Tra le ragazze che si sono presentate con i tacchi e dei valigioni di vestiti e trucchi, il corredo militare consegnato le ha visibilmente disarmate. Coloro che mi hanno colpito di più, forse perché lontane dal concetto di star hollywoodiane, sono l’italo nigeriana Naomi Akano 19 anni, che si è subito adeguata al concetto di disciplina e Erika Mattina, attivista Lgbt che ha potuto constatare dopo la sua dichiarazione al capo istruttore, che non ci sono pregiudizi nelle forze armate, ma semmai regole per tutti, come il non poter far uso di cellulari o accessi ai pc, vietati comprensibilmente durante le sei settimane.

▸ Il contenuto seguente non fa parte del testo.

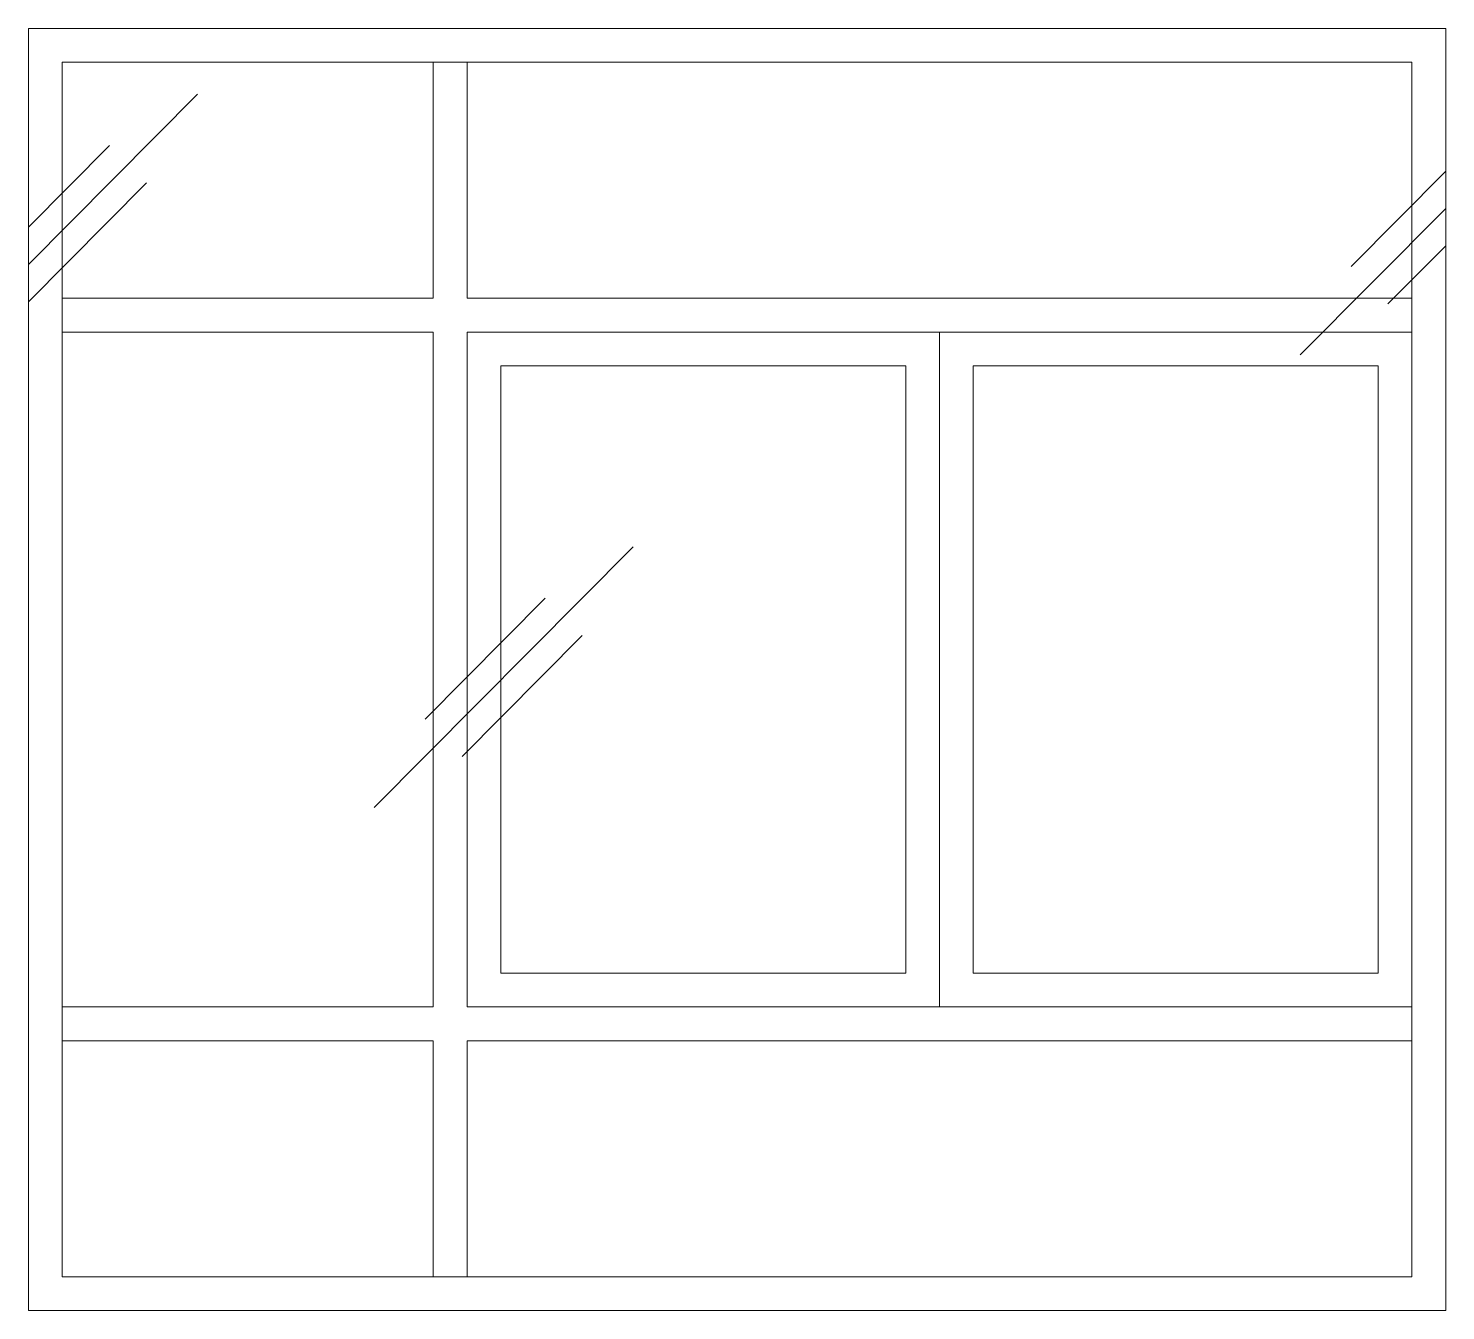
# Model space of a CAD drawing. Header units: millimetres. Extents: x -2100 to 124761, y -10432 to 93550.
# Drawn here: x 13700 to 15800, y 29250 to 31150 of the extents above; entities that cross this region are included whole.
import ezdxf

# ---------------------------------------------------------------- set-up
doc = ezdxf.new("R2010")
doc.units = ezdxf.units.MM
for name, color, linetype, lineweight in [('CUA', 31, 'Continuous', 9), ('KINH', 152, 'Continuous', 5), ('NET-THAY', 2, 'Continuous', 9)]:
    doc.layers.add(name, color=color, linetype=linetype, lineweight=lineweight)

# ---------------------------------------------------------------- blocks, each defined once
blk = doc.blocks.new('X-PHONG NGU 2 - X-PHONG NGU 2_Recovery_-1759961-MẶT ĐỨNG TRỤC A-Q')
at = {"layer": 'CUA'}
for p, q in [((13749.9, 24450), (15749.9, 24450)), ((13749.9, 24450), (13749.9, 22650)), ((14349.9, 24450), (14299.9, 24450)), ((14299.9, 24100), (14299.9, 24450)), ((14349.9, 24450), (14349.9, 24100)), ((15749.9, 22650), (15749.9, 24450)), ((14299.9, 24100), (13749.9, 24100)), ((13749.9, 24050), (13749.9, 24100)), ((15749.9, 24100), (14349.9, 24100)), ((15749.9, 24050), (15749.9, 24100)), ((13749.9, 24050), (14299.9, 24050)), ((14299.9, 23050), (14299.9, 24050)), ((14349.9, 24050), (14349.9, 23050)), ((14349.9, 24050), (15749.9, 24050)), ((15049.9, 23050), (15049.9, 24050)), ((15749.9, 24050), (15049.9, 24050)), ((15749.9, 24050), (15749.9, 23050)), ((14399.9, 24000), (14399.9, 23100)), ((14399.9, 24000), (14999.9, 24000)), ((14999.9, 23100), (14999.9, 24000)), ((15099.9, 24000), (15699.9, 24000)), ((15099.9, 24000), (15099.9, 23100)), ((15699.9, 23100), (15699.9, 24000)), ((14399.9, 23100), (14999.9, 23100)), ((15099.9, 23100), (15699.9, 23100)), ((13749.9, 23050), (14299.9, 23050)), ((13749.9, 23000), (13749.9, 23050)), ((14349.9, 23050), (15749.9, 23050)), ((15749.9, 23050), (15049.9, 23050)), ((15749.9, 23050), (15749.9, 23000)), ((14299.9, 23000), (13749.9, 23000)), ((14299.9, 22650), (14299.9, 23000)), ((14349.9, 23000), (14349.9, 22650)), ((15749.9, 23000), (14349.9, 23000)), ((13749.9, 22650), (15749.9, 22650)), ((14349.9, 22650), (14299.9, 22650))]:
    blk.add_line(p, q, dxfattribs=at)
blk = doc.blocks.new('A$C26D738F4')
at = {"layer": 'KINH'}
h = blk.add_hatch(dxfattribs=at)
h.set_pattern_fill('FP_11', color=256, style=0, pattern_type=2)
h.set_pattern_definition([(45.204, (17816.8, -14048.4), (0.002, 2032), [252.7, -2610.8]), (45.204, (17762, -13993.3), (0.002, 2032), [252.7, -2610.8]), (45.204, (17686.7, -14124.3), (0.002, 2032), [544.27, -2319.24]), (45.204, (16444.8, -12687), (0.002, 2032), [252.7, -2610.8]), (45.204, (16390, -12631.8), (0.002, 2032), [252.7, -2610.8]), (45.204, (16314.7, -12762.9), (0.002, 2032), [544.27, -2319.24])])
h.paths.add_polyline_path([(33036.8, -2650), (33036.8, -750), (30936.8, -750), (30936.8, -2650)])
at = {"layer": 'NET-THAY'}
for p, q in [((30936.8, -2650), (30936.8, -750)), ((30936.8, -750), (33036.8, -750)), ((33036.8, -750), (33036.8, -2650)), ((33036.8, -2650), (30936.8, -2650))]:
    blk.add_line(p, q, dxfattribs=at)
at = {"layer": 'CUA', "rotation": 180}
blk.add_blockref('X-PHONG NGU 2 - X-PHONG NGU 2_Recovery_-1759961-MẶT ĐỨNG TRỤC A-Q', (46736.8, 21850), dxfattribs=at)

msp = doc.modelspace()

# ---------------------------------------------------------------- block references
at = {"layer": 'NET-THAY', "rotation": 180}
msp.add_blockref('A$C26D738F4', (46736.8, 28500), dxfattribs=at)

doc.saveas('drawing.dxf')

La vera mente tra i maschietti è l’italo pachistano Omar Hussain, un ragazzo composto e disciplinato e con un Q.I sopra la media mondiale.

Si parla di bullismo e atteggiamenti di gratuita prepotenza ahimè reali, dove spesso è l’assenza di valori che li degenera in episodi oltraggiosi verso le istituzioni e coetanei, e per molti la medicina più immediata sarebbe il ripristino della leva obbligatoria. È vero, molti aspetti non degni di un paese civile sarebbero limati, ma il ruolo della scuola a mio avviso, ha per molti versi un aspetto principale.

Se prendi singolarmente a parte una buona parte dei giovani di oggi, ti accorgi delle loro mancanze (a me è capitato con la scuola guida) tra cui un’insicurezza cronica. I gruppi dove si rifugiano, capeggiati da un vulcanico capobranco, sembrano essere la risposta immediata per "rimanere a galla" pur sottostando, senza convinzione, a un despota.